═══ DATA TO USE
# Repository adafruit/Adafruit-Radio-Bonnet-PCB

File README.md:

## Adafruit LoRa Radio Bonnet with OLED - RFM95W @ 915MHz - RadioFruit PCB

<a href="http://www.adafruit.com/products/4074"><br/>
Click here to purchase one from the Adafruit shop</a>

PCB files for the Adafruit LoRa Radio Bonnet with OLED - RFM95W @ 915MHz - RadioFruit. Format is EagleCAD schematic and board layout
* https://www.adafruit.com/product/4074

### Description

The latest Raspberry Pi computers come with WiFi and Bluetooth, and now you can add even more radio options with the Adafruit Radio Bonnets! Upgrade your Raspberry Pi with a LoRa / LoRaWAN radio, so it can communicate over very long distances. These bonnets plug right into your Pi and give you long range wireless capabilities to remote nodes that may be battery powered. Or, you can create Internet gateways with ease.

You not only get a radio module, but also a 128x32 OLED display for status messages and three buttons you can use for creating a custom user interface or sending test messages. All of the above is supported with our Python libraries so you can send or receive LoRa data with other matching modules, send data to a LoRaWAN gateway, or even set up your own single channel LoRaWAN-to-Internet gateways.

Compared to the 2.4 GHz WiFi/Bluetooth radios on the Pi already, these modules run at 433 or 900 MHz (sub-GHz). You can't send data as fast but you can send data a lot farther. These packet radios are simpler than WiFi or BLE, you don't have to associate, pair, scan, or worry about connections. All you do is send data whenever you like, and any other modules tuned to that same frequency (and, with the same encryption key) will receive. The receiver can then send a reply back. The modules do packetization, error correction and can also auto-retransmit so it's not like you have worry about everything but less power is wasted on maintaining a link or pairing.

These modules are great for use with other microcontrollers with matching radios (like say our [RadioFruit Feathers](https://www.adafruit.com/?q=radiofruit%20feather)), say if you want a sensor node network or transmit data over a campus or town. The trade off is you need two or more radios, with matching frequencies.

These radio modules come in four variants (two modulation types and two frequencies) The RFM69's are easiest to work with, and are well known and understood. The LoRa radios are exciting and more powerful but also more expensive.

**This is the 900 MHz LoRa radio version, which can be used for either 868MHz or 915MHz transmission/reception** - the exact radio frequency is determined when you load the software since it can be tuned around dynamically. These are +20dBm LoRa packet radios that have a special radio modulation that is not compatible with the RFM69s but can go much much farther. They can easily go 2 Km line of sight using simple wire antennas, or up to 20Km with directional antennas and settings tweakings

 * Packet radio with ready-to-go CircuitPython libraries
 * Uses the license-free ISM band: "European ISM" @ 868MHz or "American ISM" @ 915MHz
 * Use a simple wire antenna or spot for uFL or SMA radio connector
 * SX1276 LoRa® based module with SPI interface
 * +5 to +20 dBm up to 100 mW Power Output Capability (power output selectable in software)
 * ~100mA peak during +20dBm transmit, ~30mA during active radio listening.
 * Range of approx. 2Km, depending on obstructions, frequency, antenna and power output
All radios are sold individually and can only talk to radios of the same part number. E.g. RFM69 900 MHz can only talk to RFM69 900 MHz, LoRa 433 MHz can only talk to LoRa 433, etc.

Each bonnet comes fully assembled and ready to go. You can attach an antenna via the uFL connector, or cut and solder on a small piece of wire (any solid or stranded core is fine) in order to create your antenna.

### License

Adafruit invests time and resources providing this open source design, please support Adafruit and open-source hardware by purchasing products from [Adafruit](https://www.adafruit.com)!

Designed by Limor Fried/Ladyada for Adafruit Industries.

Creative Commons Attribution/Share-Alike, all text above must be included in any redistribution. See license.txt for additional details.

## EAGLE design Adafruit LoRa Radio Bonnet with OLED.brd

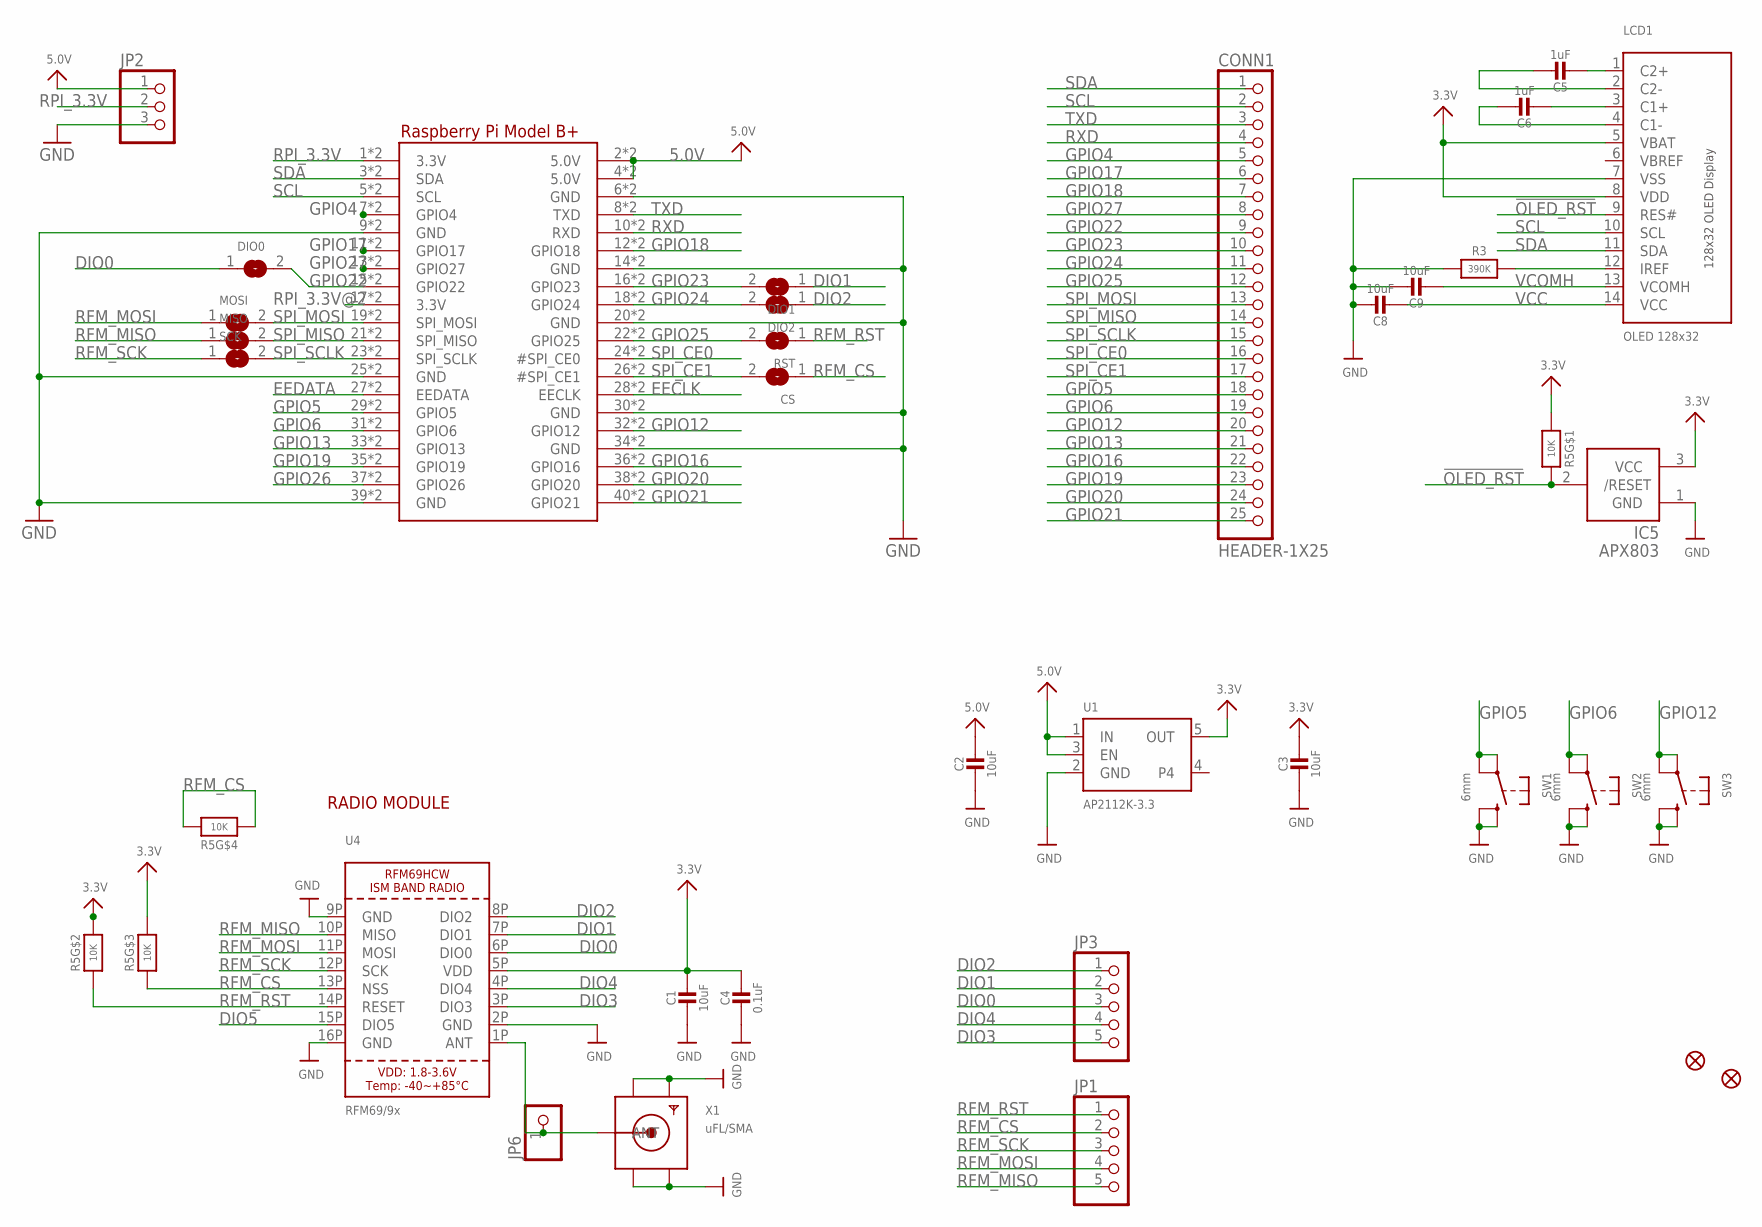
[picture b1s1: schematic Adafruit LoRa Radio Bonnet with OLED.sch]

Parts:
C1, C2, C3, C8, C9: 10uF; 0805-NO
C4: 0.1uF; 0603-NO
C5, C6: 1uF; 0603-NO
CONN1: HEADER-1X25; 1X25_ROUND_70MIL
CS: SOLDERJUMPERCLOSED; SOLDERJUMPER_CLOSEDWIRE
DIO0, DIO1, DIO2: SOLDERJUMPERCLOSED; SOLDERJUMPER_CLOSEDWIRE
FID1, FID2: FIDUCIAL_1MM
IC5: APX803; SOT23
JP1, JP3: HEADER-1X570MIL; 1X05_ROUND_70
JP2: HEADER-1X3ROUND; 1X03_ROUND
JP6: HEADER-1X1ROUND; 1X01_ROUND
LCD1: OLED 128x32; UG-2832HSWEG02_WRAPUNDER
MISO: SOLDERJUMPERCLOSED; SOLDERJUMPER_CLOSEDWIRE
MOSI: SOLDERJUMPERCLOSED; SOLDERJUMPER_CLOSEDWIRE
R3: 390K; 0603-NO
R5: 10K; RESPACK_4X0603
RPI1: RASPBERRYPI_BPLUS_BONNET_THMSMT; PI_BONNET_THMSMT
RST: SOLDERJUMPERCLOSED; SOLDERJUMPER_CLOSEDWIRE
SCK: SOLDERJUMPERCLOSED; SOLDERJUMPER_CLOSEDWIRE
SW1, SW2, SW3: 6mm; EVQ-Q2_SMALLER
U1: AP2112K-3.3; SOT23-5
U4: RFM69/9x; RFMHCW_SMT
X1: uFL/SMA; SMA_EDGELAUNCH_UFL

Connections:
3.3V: C1.1, C3.1, C4.1, IC5.3 (VCC), LCD1.5 (VBAT), LCD1.8 (VDD), R5.1, R5.6 (2), R5.7 (2), U1.5 (OUT), U4.5P (VDD)
5.0V: C2.1, JP2.1, RPI1.2 (5.0V), RPI1.4 (5.0V), RPI1.S2 (5.0V), RPI1.S4 (5.0V), U1.1 (IN), U1.3 (EN)
!OLED_RST: IC5.2 (/RESET), LCD1.9 (RES#), R5.8 (2)
ANT: JP6.1, U4.1P (ANT), X1.P (ANT)
DIO0: DIO0.1, JP3.3, U4.6P (DIO0)
DIO1: DIO1.1, JP3.2, U4.7P (DIO1)
DIO2: DIO2.1, JP3.1, U4.8P (DIO2)
DIO3: JP3.5, U4.3P (DIO3)
DIO4: JP3.4, U4.4P (DIO4)
DIO5: U4.15P (DIO5)
EECLK: RPI1.28 (EECLK), RPI1.S28 (EECLK)
EEDATA: RPI1.27 (EEDATA), RPI1.S27 (EEDATA)
GND: C1.2, C2.2, C3.2, C4.2, C8.1, C9.1, IC5.1 (GND), JP2.3, LCD1.7 (VSS), R3.1, RPI1.6 (GND), RPI1.9 (GND), RPI1.14 (GND), RPI1.20 (GND), RPI1.25 (GND), RPI1.30 (GND), RPI1.34 (GND), RPI1.39 (GND), RPI1.S6 (GND), RPI1.S9 (GND), RPI1.S14 (GND), RPI1.S20 (GND), RPI1.S25 (GND), RPI1.S30 (GND), RPI1.S34 (GND), RPI1.S39 (GND), SW1.B (S), SW1.B' (S1), SW2.B (S), SW2.B' (S1), SW3.B (S), SW3.B' (S1), U1.2 (GND), U4.2P (GND), U4.9P (GND), U4.16P (GND), X1.GND@1 (GND1), X1.GND@2 (GND2), X1.GND@3 (GND3), X1.GND@4 (GND4)
GPIO4: CONN1.5, RPI1.7 (GPIO4), RPI1.S7 (GPIO4)
GPIO5: CONN1.18, RPI1.29 (GPIO5), RPI1.S29 (GPIO5), SW1.A, SW1.A' (P1)
GPIO6: CONN1.19, RPI1.31 (GPIO6), RPI1.S31 (GPIO6), SW2.A, SW2.A' (P1)
GPIO12: CONN1.20, RPI1.32 (GPIO12), RPI1.S32 (GPIO12), SW3.A, SW3.A' (P1)
GPIO13: CONN1.21, RPI1.33 (GPIO13), RPI1.S33 (GPIO13)
GPIO16: CONN1.22, RPI1.36 (GPIO16), RPI1.S36 (GPIO16)
GPIO17: CONN1.6, RPI1.11 (GPIO17), RPI1.S11 (GPIO17)
GPIO18: CONN1.7, RPI1.12 (GPIO18), RPI1.S12 (GPIO18)
GPIO19: CONN1.23, RPI1.35 (GPIO19), RPI1.S35 (GPIO19)
GPIO20: CONN1.24, RPI1.38 (GPIO20), RPI1.S38 (GPIO20)
GPIO21: CONN1.25, RPI1.40 (GPIO21), RPI1.S40 (GPIO21)
GPIO22: CONN1.9, DIO0.2, RPI1.15 (GPIO22), RPI1.S15 (GPIO22)
GPIO23: CONN1.10, DIO1.2, RPI1.16 (GPIO23), RPI1.S16 (GPIO23)
GPIO24: CONN1.11, DIO2.2, RPI1.18 (GPIO24), RPI1.S18 (GPIO24)
GPIO25: CONN1.12, RPI1.22 (GPIO25), RPI1.S22 (GPIO25), RST.2
GPIO26: RPI1.37 (GPIO26), RPI1.S37 (GPIO26)
GPIO27: CONN1.8, RPI1.13 (GPIO27), RPI1.S13 (GPIO27)
unnamed: C5.2, LCD1.1 (C2+)
unnamed: C5.1, LCD1.2 (C2-)
unnamed: C6.2, LCD1.3 (C1+)
unnamed: C6.1, LCD1.4 (C1-)
unnamed: LCD1.12 (IREF), R3.2
RFM_CS: CS.1, JP1.2, R5.3 (1), R5.4 (1), R5.5 (2), U4.13P (NSS)
RFM_MISO: JP1.5, MISO.1, U4.10P (MISO)
RFM_MOSI: JP1.4, MOSI.1, U4.11P (MOSI)
RFM_RST: JP1.1, R5.2 (1), RST.1, U4.14P (RESET)
RFM_SCK: JP1.3, SCK.1, U4.12P (SCK)
RPI_3.3V: JP2.2, RPI1.1 (3.3V), RPI1.S1 (3.3V)
RPI_3.3V@2: RPI1.17 (3.3V), RPI1.S17 (3.3V)
RXD: CONN1.4, RPI1.10 (RXD), RPI1.S10 (RXD)
SCL: CONN1.2, LCD1.10 (SCL), RPI1.5 (SCL), RPI1.S5 (SCL)
SDA: CONN1.1, LCD1.11 (SDA), RPI1.3 (SDA), RPI1.S3 (SDA)
SPI_CE0: CONN1.16, RPI1.24 (#SPI_CE0), RPI1.S24 (#SPI_CE0)
SPI_CE1: CONN1.17, CS.2, RPI1.26 (#SPI_CE1), RPI1.S26 (#SPI_CE1)
SPI_MISO: CONN1.14, MISO.2, RPI1.21 (SPI_MISO), RPI1.S21 (SPI_MISO)
SPI_MOSI: CONN1.13, MOSI.2, RPI1.19 (SPI_MOSI), RPI1.S19 (SPI_MOSI)
SPI_SCLK: CONN1.15, RPI1.23 (SPI_SCLK), RPI1.S23 (SPI_SCLK), SCK.2
TXD: CONN1.3, RPI1.8 (TXD), RPI1.S8 (TXD)
VBREF: LCD1.6 (VBREF)
VCC: C8.2, LCD1.14 (VCC)
VCOMH: C9.2, LCD1.13 (VCOMH)

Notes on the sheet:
RADIO MODULE

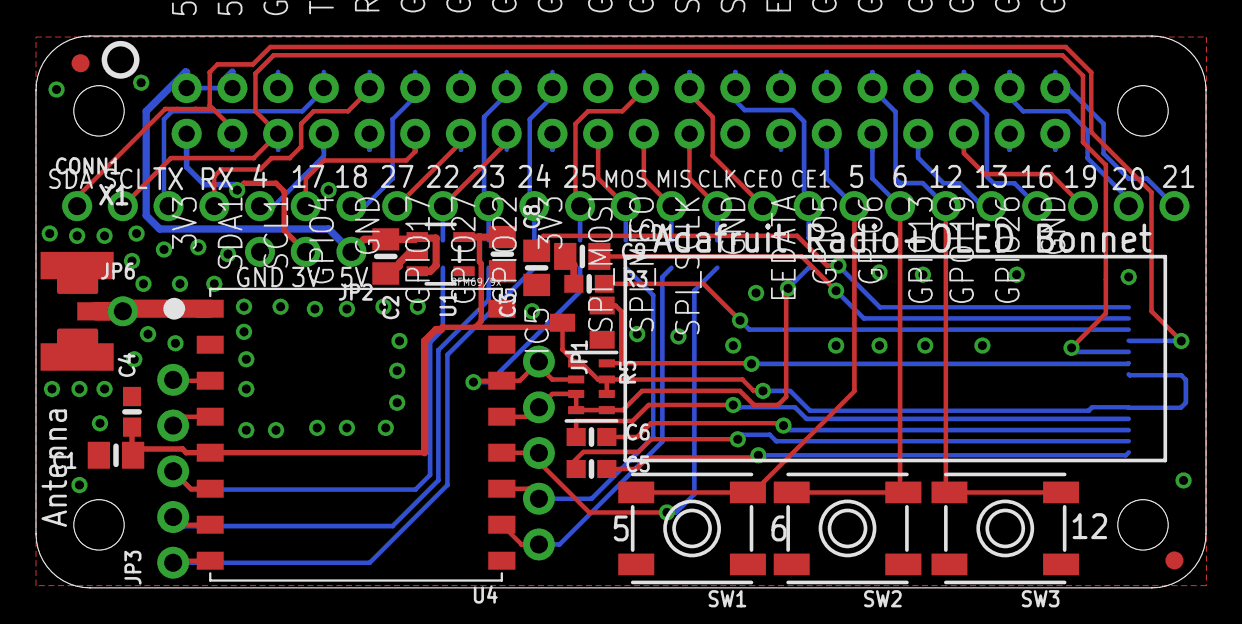
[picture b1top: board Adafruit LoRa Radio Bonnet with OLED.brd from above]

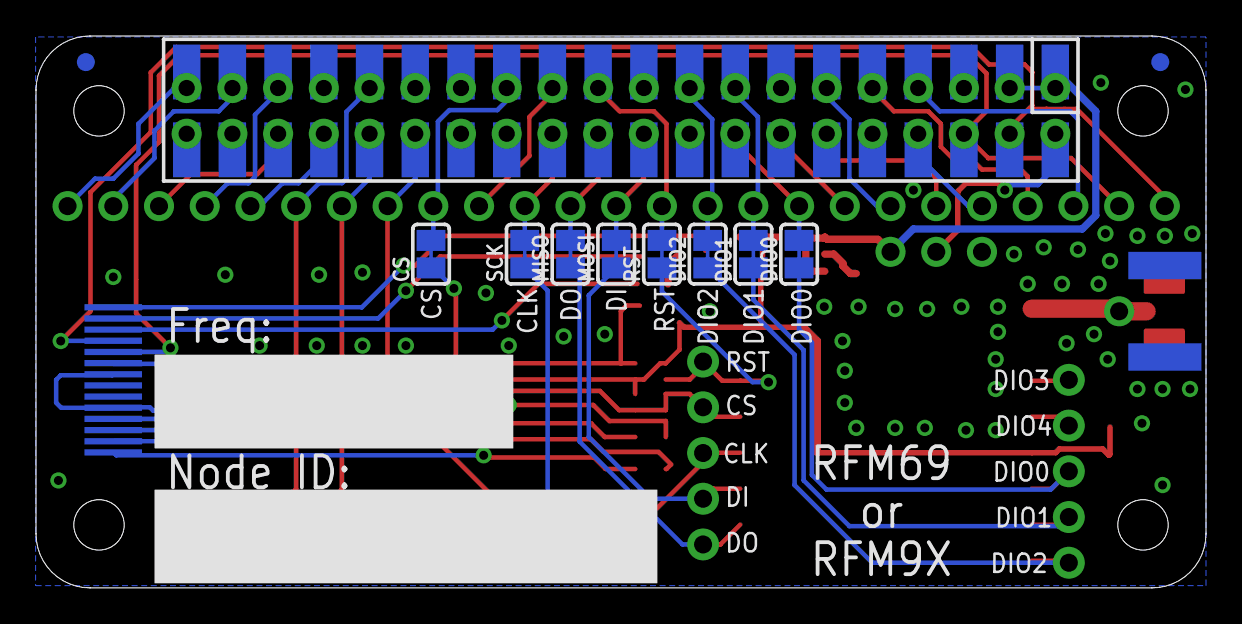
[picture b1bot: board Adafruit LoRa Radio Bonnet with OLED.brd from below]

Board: 2 copper layers, 65.0 x 30.7 mm, 35 parts (8 on the bottom side), 52 nets.

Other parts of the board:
U$22: PCBFEAT-REV-040

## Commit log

2019-01-19 Add sch and brd files.
2019-01-19 Update README.
2019-07-17 updated to use cookiecutter for pcb repos

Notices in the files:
parts and their libraries:
microbuilder: This work is placed in the public domain, and may be freely used for commercial and non-commercial work with the following conditions:
══════
> **AIM OF THE TASK**:
Going back over the entries above, copy word for word every line from the one that has "CONN1: HEADER-1X25; 1X25_ROUND_70MIL" on through the one that has "JP2: HEADER-1X3ROUND; 1X03_ROUND".

> **EXERCISE OUTPUT**:
CONN1: HEADER-1X25; 1X25_ROUND_70MIL
CS: SOLDERJUMPERCLOSED; SOLDERJUMPER_CLOSEDWIRE
DIO0, DIO1, DIO2: SOLDERJUMPERCLOSED; SOLDERJUMPER_CLOSEDWIRE
FID1, FID2: FIDUCIAL_1MM
IC5: APX803; SOT23
JP1, JP3: HEADER-1X570MIL; 1X05_ROUND_70
JP2: HEADER-1X3ROUND; 1X03_ROUND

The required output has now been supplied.